===== Data excerpts =====
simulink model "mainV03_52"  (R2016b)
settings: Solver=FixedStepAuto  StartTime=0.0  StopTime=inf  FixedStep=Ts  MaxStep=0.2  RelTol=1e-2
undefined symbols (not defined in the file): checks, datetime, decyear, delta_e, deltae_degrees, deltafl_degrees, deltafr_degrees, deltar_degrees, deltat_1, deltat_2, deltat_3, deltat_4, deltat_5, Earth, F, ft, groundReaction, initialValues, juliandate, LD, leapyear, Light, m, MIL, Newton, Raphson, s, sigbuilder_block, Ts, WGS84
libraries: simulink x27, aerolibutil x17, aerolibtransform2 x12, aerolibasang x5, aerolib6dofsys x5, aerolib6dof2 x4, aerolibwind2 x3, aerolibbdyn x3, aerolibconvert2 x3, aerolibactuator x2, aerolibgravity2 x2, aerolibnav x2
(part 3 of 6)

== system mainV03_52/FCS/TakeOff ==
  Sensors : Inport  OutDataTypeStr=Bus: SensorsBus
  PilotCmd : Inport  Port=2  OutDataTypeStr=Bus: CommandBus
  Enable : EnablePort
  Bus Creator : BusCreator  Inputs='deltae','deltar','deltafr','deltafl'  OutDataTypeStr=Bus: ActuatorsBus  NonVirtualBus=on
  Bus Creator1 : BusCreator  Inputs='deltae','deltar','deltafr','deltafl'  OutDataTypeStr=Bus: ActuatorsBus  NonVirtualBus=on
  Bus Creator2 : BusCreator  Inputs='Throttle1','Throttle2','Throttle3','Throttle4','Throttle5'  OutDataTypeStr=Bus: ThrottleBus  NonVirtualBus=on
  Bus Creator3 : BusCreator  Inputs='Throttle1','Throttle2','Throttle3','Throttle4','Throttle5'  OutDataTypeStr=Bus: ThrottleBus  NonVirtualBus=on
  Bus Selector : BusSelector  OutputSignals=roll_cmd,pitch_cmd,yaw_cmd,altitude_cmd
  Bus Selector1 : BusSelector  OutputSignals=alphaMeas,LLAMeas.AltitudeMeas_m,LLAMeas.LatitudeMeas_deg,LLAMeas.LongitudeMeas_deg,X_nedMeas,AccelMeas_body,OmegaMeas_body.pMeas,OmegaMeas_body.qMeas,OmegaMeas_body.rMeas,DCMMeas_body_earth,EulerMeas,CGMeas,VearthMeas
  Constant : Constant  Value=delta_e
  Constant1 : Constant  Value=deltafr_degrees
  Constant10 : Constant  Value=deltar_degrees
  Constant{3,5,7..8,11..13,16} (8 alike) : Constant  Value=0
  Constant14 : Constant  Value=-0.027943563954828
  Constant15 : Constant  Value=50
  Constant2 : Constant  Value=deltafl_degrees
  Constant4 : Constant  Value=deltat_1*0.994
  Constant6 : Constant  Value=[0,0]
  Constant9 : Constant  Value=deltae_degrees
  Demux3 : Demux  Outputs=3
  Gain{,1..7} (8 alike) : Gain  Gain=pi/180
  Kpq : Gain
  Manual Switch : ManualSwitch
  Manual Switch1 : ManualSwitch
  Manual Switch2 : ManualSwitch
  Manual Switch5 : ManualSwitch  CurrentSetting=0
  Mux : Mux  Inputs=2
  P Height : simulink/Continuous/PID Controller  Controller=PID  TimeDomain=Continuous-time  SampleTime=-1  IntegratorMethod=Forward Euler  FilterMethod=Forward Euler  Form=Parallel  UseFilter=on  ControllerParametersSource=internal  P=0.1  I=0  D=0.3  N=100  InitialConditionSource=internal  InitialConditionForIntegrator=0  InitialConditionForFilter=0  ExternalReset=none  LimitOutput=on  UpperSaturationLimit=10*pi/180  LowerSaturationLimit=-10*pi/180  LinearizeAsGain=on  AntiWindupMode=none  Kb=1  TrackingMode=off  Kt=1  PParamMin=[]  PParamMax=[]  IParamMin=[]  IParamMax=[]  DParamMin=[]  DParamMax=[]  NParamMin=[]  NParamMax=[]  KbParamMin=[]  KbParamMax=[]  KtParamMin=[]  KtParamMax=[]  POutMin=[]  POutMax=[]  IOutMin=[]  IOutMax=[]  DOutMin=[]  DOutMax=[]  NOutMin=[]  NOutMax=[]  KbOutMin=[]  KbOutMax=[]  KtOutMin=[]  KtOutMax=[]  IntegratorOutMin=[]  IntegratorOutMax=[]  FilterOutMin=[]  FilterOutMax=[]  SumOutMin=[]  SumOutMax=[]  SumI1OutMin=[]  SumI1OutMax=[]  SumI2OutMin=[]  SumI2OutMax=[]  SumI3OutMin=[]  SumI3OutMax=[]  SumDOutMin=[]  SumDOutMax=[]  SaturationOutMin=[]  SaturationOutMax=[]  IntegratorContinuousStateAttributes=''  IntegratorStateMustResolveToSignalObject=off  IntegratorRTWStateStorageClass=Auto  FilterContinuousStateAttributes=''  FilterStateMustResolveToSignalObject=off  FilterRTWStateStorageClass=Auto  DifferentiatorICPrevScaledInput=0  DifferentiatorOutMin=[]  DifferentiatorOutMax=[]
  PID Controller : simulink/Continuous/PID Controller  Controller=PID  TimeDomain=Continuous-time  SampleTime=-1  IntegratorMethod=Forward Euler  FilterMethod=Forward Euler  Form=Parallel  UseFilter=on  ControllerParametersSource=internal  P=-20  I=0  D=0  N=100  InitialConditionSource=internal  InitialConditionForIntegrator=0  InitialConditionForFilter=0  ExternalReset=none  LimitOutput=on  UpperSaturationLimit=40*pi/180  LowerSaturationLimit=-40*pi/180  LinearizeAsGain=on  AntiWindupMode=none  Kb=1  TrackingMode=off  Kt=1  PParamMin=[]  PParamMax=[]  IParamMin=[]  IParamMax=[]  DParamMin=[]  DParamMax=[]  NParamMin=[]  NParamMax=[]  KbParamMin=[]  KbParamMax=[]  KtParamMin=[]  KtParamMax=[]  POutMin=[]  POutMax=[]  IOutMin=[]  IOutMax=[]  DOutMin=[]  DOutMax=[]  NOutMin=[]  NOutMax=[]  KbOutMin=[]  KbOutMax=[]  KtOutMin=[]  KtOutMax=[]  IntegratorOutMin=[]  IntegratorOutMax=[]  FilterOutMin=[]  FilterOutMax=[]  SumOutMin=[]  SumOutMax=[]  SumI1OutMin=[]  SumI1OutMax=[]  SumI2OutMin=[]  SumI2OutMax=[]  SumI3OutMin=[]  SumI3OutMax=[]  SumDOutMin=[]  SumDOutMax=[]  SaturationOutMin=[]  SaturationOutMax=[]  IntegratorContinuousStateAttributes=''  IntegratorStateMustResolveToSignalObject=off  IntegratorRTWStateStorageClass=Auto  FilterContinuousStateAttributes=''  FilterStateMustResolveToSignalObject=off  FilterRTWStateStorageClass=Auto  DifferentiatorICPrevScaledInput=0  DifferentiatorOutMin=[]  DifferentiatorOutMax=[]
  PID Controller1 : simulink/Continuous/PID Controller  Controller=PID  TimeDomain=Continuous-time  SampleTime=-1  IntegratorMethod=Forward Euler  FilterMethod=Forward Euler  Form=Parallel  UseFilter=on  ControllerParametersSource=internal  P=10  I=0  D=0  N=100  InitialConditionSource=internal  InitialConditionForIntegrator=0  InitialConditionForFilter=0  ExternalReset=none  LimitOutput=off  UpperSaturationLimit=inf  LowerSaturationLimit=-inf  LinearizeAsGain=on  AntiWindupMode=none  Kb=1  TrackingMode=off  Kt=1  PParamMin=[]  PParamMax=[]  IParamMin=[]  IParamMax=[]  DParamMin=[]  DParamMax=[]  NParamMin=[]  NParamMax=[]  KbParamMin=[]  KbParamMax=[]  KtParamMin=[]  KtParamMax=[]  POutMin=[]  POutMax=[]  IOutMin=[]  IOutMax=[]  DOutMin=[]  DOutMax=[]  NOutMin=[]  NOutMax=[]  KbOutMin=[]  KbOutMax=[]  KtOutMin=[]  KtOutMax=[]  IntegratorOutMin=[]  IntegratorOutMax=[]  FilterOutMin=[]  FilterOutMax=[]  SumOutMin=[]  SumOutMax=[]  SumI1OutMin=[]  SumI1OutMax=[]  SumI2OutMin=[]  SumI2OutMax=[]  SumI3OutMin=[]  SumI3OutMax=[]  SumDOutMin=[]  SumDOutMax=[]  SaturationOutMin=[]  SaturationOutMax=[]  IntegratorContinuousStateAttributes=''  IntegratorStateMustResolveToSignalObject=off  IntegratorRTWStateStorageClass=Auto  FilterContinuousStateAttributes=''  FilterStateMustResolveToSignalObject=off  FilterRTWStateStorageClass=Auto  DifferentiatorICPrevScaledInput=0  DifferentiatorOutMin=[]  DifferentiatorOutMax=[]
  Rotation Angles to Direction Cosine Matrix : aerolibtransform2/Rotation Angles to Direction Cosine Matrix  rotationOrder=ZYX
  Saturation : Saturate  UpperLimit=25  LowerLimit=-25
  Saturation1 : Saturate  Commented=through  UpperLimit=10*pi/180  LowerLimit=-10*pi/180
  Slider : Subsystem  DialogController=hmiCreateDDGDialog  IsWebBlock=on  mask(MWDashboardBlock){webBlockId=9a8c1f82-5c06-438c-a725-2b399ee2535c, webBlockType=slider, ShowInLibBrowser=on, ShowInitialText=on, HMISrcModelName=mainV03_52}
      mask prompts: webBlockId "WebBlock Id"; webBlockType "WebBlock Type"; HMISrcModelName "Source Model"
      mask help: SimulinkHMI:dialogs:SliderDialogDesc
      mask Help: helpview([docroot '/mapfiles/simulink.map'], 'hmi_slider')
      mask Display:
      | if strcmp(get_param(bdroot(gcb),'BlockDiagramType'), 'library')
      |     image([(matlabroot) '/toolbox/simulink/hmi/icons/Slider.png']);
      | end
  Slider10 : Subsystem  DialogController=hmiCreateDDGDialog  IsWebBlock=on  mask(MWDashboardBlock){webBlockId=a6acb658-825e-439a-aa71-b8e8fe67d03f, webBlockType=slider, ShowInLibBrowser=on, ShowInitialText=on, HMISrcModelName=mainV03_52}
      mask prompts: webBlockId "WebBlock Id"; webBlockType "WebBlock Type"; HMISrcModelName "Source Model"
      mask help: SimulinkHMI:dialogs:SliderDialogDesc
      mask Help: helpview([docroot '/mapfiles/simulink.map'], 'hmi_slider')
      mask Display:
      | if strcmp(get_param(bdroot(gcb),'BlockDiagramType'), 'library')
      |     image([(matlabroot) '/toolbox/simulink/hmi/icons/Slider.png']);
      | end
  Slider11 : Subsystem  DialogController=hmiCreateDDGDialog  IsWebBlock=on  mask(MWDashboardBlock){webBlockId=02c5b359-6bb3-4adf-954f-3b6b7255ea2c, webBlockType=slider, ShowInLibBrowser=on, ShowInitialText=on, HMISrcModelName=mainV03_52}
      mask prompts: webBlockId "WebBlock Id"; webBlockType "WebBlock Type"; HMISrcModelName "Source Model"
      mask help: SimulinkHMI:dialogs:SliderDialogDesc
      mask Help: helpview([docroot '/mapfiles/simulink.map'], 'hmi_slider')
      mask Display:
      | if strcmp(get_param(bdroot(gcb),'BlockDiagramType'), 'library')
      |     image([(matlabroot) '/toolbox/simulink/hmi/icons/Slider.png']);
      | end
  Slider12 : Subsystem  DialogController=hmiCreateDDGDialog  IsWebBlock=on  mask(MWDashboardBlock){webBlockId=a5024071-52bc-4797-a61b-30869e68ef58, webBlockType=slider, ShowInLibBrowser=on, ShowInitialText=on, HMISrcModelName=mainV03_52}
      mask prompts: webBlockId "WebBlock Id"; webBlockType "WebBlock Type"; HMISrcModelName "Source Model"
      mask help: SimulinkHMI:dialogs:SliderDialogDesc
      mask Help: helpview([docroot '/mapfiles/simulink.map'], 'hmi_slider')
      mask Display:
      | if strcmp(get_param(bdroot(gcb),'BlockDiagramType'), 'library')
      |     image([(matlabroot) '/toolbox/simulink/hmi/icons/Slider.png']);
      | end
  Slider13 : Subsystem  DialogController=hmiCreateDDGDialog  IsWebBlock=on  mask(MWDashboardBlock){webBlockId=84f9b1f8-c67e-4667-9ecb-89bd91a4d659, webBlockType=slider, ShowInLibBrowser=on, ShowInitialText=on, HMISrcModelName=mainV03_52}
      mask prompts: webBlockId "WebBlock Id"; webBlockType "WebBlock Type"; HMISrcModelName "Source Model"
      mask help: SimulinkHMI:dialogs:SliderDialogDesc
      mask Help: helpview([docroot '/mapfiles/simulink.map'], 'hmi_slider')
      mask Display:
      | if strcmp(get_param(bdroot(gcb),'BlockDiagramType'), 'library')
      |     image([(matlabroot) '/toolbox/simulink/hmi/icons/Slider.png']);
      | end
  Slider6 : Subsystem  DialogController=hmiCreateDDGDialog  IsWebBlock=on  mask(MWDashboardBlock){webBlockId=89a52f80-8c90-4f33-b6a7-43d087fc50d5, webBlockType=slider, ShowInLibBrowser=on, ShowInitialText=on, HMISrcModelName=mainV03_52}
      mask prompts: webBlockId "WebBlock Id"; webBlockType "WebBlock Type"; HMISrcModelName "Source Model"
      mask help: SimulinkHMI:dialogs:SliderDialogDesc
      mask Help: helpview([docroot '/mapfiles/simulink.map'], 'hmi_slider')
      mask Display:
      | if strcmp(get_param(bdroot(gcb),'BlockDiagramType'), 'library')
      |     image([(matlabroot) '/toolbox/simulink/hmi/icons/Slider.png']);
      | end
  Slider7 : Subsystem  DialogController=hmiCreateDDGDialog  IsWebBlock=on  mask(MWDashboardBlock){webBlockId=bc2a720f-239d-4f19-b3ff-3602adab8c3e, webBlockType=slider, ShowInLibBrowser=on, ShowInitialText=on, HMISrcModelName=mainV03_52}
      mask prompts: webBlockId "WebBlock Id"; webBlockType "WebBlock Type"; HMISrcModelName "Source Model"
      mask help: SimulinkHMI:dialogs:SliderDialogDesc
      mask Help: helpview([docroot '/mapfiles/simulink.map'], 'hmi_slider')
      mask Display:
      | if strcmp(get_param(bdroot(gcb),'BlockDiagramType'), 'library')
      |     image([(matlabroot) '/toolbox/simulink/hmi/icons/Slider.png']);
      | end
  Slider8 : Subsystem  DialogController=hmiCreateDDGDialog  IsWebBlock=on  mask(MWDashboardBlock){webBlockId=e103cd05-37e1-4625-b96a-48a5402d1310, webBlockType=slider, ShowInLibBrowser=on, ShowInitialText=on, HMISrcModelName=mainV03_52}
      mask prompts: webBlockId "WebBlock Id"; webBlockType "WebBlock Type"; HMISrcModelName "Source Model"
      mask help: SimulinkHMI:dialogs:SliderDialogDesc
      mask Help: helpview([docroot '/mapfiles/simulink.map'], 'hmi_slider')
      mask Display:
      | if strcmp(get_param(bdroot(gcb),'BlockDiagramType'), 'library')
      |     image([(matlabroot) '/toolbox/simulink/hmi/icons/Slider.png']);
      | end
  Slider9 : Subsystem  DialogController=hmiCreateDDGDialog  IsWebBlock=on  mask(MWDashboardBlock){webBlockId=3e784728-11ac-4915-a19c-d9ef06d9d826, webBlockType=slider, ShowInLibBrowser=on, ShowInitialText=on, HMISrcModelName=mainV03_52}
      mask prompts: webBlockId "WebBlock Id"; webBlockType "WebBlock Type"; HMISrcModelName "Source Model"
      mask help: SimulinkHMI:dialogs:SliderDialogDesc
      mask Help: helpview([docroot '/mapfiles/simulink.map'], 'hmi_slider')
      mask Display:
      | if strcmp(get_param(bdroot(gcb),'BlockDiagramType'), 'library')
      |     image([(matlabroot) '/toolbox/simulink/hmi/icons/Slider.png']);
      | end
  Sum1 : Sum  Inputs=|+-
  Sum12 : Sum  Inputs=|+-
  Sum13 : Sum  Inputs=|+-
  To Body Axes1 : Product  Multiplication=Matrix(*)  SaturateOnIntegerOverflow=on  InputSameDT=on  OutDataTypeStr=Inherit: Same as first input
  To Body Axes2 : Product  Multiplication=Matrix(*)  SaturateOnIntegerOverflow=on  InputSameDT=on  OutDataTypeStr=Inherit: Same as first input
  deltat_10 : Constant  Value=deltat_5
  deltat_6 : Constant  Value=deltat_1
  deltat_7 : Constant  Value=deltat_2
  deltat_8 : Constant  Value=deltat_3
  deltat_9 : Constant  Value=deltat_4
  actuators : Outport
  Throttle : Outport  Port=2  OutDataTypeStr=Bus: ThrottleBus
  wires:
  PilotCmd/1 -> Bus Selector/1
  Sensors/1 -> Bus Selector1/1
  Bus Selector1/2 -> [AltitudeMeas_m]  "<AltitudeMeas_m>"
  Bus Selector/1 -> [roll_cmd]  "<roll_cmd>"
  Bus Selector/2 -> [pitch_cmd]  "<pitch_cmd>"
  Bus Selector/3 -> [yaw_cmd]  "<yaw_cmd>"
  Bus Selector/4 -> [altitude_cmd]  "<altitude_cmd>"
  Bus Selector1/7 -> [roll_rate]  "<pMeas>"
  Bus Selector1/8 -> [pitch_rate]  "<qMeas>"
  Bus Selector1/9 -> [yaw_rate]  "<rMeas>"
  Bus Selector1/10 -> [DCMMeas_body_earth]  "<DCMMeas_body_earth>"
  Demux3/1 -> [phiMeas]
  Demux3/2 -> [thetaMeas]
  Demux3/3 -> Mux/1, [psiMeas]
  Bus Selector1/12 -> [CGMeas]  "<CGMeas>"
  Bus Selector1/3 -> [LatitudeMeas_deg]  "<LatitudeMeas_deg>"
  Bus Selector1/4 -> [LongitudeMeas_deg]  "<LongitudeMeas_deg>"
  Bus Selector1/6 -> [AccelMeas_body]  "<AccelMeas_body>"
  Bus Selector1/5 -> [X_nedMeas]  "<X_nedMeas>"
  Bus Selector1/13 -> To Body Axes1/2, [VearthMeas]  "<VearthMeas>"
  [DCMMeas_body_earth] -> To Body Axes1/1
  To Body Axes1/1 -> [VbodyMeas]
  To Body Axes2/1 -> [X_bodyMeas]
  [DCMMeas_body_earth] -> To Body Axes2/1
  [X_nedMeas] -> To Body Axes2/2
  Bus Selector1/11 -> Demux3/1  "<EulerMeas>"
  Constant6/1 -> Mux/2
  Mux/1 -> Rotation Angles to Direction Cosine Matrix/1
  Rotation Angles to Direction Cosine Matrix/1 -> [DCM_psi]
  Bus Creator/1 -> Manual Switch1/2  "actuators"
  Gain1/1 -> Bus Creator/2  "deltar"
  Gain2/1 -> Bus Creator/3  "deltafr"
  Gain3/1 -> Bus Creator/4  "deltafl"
=====
Give back exactly the lines of the listing above that run from the line with "Bus Creator : BusCreator" to the line with "Bus Selector1 : BusSelector", inclusive.

> **Result**:
  Bus Creator : BusCreator  Inputs='deltae','deltar','deltafr','deltafl'  OutDataTypeStr=Bus: ActuatorsBus  NonVirtualBus=on
  Bus Creator1 : BusCreator  Inputs='deltae','deltar','deltafr','deltafl'  OutDataTypeStr=Bus: ActuatorsBus  NonVirtualBus=on
  Bus Creator2 : BusCreator  Inputs='Throttle1','Throttle2','Throttle3','Throttle4','Throttle5'  OutDataTypeStr=Bus: ThrottleBus  NonVirtualBus=on
  Bus Creator3 : BusCreator  Inputs='Throttle1','Throttle2','Throttle3','Throttle4','Throttle5'  OutDataTypeStr=Bus: ThrottleBus  NonVirtualBus=on
  Bus Selector : BusSelector  OutputSignals=roll_cmd,pitch_cmd,yaw_cmd,altitude_cmd
  Bus Selector1 : BusSelector  OutputSignals=alphaMeas,LLAMeas.AltitudeMeas_m,LLAMeas.LatitudeMeas_deg,LLAMeas.LongitudeMeas_deg,X_nedMeas,AccelMeas_body,OmegaMeas_body.pMeas,OmegaMeas_body.qMeas,OmegaMeas_body.rMeas,DCMMeas_body_earth,EulerMeas,CGMeas,VearthMeas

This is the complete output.